## YOUR INSTRUCTIONS:
Return all lines from the listing below that include the word "comment".

____

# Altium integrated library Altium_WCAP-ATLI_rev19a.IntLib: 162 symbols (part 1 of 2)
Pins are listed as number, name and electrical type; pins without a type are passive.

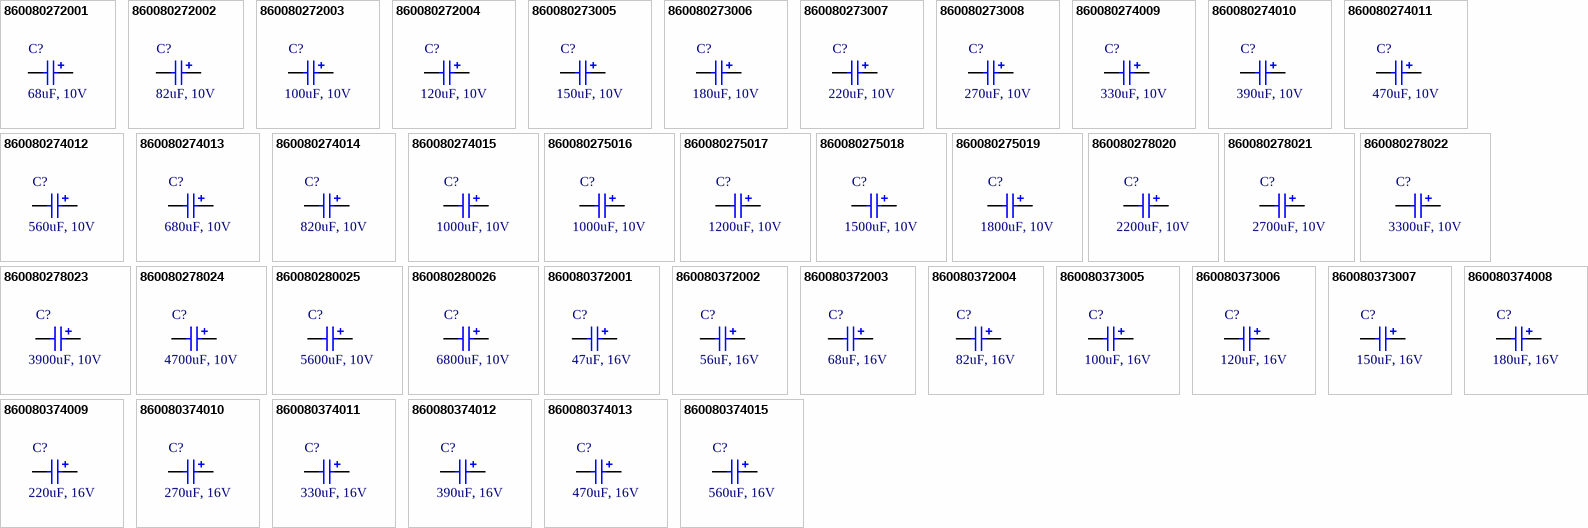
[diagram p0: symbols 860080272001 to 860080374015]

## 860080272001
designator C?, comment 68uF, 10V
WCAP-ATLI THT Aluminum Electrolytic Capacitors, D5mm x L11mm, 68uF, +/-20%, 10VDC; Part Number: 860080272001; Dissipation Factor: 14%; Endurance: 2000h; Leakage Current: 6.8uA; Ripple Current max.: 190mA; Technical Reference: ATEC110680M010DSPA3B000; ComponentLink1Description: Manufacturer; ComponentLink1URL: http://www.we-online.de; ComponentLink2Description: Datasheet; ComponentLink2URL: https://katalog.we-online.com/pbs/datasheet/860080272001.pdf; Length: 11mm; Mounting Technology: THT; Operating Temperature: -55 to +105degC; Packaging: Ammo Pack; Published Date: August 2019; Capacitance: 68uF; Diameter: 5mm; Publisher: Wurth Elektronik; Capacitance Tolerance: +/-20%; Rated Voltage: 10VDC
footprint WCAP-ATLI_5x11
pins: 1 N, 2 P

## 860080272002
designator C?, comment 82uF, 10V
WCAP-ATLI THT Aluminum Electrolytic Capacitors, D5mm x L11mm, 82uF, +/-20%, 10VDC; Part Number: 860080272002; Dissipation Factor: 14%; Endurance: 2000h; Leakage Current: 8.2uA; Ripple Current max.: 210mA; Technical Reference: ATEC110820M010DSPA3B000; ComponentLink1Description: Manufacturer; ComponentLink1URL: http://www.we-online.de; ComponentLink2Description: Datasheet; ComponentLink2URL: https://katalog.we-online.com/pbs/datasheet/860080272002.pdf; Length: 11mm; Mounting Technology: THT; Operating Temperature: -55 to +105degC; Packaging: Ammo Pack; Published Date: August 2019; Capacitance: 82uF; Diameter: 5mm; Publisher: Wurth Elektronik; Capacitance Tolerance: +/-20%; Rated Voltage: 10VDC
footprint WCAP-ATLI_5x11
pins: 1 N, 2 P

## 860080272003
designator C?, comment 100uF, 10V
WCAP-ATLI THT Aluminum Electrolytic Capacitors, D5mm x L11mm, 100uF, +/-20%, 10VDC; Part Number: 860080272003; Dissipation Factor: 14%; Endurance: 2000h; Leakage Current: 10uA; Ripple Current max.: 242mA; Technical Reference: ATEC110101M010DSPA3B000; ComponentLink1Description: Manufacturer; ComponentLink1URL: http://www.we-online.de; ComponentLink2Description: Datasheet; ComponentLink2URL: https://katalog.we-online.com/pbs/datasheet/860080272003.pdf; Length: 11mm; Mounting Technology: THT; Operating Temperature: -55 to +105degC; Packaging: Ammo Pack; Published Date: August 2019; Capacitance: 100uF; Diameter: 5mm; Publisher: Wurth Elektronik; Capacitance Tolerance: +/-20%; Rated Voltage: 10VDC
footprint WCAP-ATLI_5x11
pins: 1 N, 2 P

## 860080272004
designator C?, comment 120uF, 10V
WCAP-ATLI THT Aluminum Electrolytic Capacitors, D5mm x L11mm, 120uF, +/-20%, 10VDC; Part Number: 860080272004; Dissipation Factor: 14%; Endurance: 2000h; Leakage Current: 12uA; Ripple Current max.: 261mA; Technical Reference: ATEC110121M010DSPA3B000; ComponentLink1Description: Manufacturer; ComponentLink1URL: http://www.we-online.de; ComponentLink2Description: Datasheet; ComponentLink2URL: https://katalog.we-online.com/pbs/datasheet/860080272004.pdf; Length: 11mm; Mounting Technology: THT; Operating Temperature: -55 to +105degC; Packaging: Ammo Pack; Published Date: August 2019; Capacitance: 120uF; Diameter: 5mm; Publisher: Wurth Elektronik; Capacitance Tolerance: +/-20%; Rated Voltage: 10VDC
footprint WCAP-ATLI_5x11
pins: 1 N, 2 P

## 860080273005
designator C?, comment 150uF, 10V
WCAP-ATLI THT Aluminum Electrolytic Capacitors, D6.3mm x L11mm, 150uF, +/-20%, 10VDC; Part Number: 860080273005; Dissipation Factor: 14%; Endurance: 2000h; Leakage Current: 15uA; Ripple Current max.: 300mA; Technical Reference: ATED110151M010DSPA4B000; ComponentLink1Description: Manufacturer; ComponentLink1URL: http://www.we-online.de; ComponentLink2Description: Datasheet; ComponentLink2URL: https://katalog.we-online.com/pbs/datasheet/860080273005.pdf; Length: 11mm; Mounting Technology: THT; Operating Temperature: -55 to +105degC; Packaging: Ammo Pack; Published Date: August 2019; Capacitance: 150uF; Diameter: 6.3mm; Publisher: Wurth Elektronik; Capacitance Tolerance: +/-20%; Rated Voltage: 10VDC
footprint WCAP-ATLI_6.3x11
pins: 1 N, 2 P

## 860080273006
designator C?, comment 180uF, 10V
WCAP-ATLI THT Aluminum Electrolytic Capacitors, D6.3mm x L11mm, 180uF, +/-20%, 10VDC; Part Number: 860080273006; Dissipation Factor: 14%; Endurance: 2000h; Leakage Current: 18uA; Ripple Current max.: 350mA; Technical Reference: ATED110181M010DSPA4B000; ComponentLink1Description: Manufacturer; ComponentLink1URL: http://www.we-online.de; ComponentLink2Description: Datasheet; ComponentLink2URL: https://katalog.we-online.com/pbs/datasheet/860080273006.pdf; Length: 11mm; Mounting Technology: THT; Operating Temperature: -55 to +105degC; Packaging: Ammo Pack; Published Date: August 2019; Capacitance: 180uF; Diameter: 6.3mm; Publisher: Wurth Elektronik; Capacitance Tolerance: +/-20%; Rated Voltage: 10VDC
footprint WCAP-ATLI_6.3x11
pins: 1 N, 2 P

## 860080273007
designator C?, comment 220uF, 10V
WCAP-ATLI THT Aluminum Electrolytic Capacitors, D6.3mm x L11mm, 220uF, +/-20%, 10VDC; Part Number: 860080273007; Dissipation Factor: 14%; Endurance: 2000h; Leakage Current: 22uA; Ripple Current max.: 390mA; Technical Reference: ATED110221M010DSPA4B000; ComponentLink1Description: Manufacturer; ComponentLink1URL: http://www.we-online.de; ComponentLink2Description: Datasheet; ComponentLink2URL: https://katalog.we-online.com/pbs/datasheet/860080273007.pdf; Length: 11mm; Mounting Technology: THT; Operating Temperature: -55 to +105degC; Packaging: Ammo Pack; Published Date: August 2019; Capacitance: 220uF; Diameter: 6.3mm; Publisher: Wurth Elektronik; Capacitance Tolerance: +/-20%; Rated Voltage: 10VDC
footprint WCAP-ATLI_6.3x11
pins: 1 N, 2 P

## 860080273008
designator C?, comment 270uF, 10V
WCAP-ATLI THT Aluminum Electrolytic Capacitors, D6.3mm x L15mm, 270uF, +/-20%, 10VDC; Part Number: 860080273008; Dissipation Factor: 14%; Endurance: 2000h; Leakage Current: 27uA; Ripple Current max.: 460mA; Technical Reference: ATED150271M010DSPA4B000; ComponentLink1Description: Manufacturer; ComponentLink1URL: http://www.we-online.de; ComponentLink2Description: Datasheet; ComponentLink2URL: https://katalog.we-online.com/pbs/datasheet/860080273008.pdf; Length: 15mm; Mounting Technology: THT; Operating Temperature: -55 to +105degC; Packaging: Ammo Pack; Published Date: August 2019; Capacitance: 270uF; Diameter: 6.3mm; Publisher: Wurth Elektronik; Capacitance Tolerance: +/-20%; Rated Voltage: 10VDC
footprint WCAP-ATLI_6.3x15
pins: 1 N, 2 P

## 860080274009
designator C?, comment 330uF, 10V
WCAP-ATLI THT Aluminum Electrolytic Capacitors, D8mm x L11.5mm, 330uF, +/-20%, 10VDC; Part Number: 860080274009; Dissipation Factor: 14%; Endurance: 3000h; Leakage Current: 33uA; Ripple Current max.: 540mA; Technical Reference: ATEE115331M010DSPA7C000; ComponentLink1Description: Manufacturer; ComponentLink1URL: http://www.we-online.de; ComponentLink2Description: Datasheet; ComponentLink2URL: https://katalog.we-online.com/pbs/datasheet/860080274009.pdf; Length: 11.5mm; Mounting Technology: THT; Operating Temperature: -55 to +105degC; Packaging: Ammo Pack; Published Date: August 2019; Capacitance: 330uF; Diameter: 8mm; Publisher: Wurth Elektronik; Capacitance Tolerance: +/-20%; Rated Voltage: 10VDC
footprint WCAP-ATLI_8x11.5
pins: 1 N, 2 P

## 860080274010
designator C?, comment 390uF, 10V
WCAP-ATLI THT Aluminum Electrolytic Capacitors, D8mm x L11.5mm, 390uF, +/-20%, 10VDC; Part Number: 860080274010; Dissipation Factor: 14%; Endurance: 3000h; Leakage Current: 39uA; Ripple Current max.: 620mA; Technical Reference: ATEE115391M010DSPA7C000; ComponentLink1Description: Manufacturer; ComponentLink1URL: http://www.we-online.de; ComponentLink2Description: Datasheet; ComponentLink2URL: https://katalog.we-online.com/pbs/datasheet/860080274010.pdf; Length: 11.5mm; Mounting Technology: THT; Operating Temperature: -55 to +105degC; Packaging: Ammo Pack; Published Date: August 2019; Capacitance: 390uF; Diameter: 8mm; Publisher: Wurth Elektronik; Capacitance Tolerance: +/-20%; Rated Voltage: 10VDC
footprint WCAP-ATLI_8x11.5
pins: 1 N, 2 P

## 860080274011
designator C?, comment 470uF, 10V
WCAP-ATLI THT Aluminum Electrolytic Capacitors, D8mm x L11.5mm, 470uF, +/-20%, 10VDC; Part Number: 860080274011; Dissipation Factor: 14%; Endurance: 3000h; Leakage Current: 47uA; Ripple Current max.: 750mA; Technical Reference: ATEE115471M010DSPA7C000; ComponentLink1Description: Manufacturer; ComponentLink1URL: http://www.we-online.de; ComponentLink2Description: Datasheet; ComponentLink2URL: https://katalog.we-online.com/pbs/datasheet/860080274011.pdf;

____

## WRITTEN RESPONSE:
designator C?, comment 68uF, 10V
designator C?, comment 82uF, 10V
designator C?, comment 100uF, 10V
designator C?, comment 120uF, 10V
designator C?, comment 150uF, 10V
designator C?, comment 180uF, 10V
designator C?, comment 220uF, 10V
designator C?, comment 270uF, 10V
designator C?, comment 330uF, 10V
designator C?, comment 390uF, 10V
designator C?, comment 470uF, 10V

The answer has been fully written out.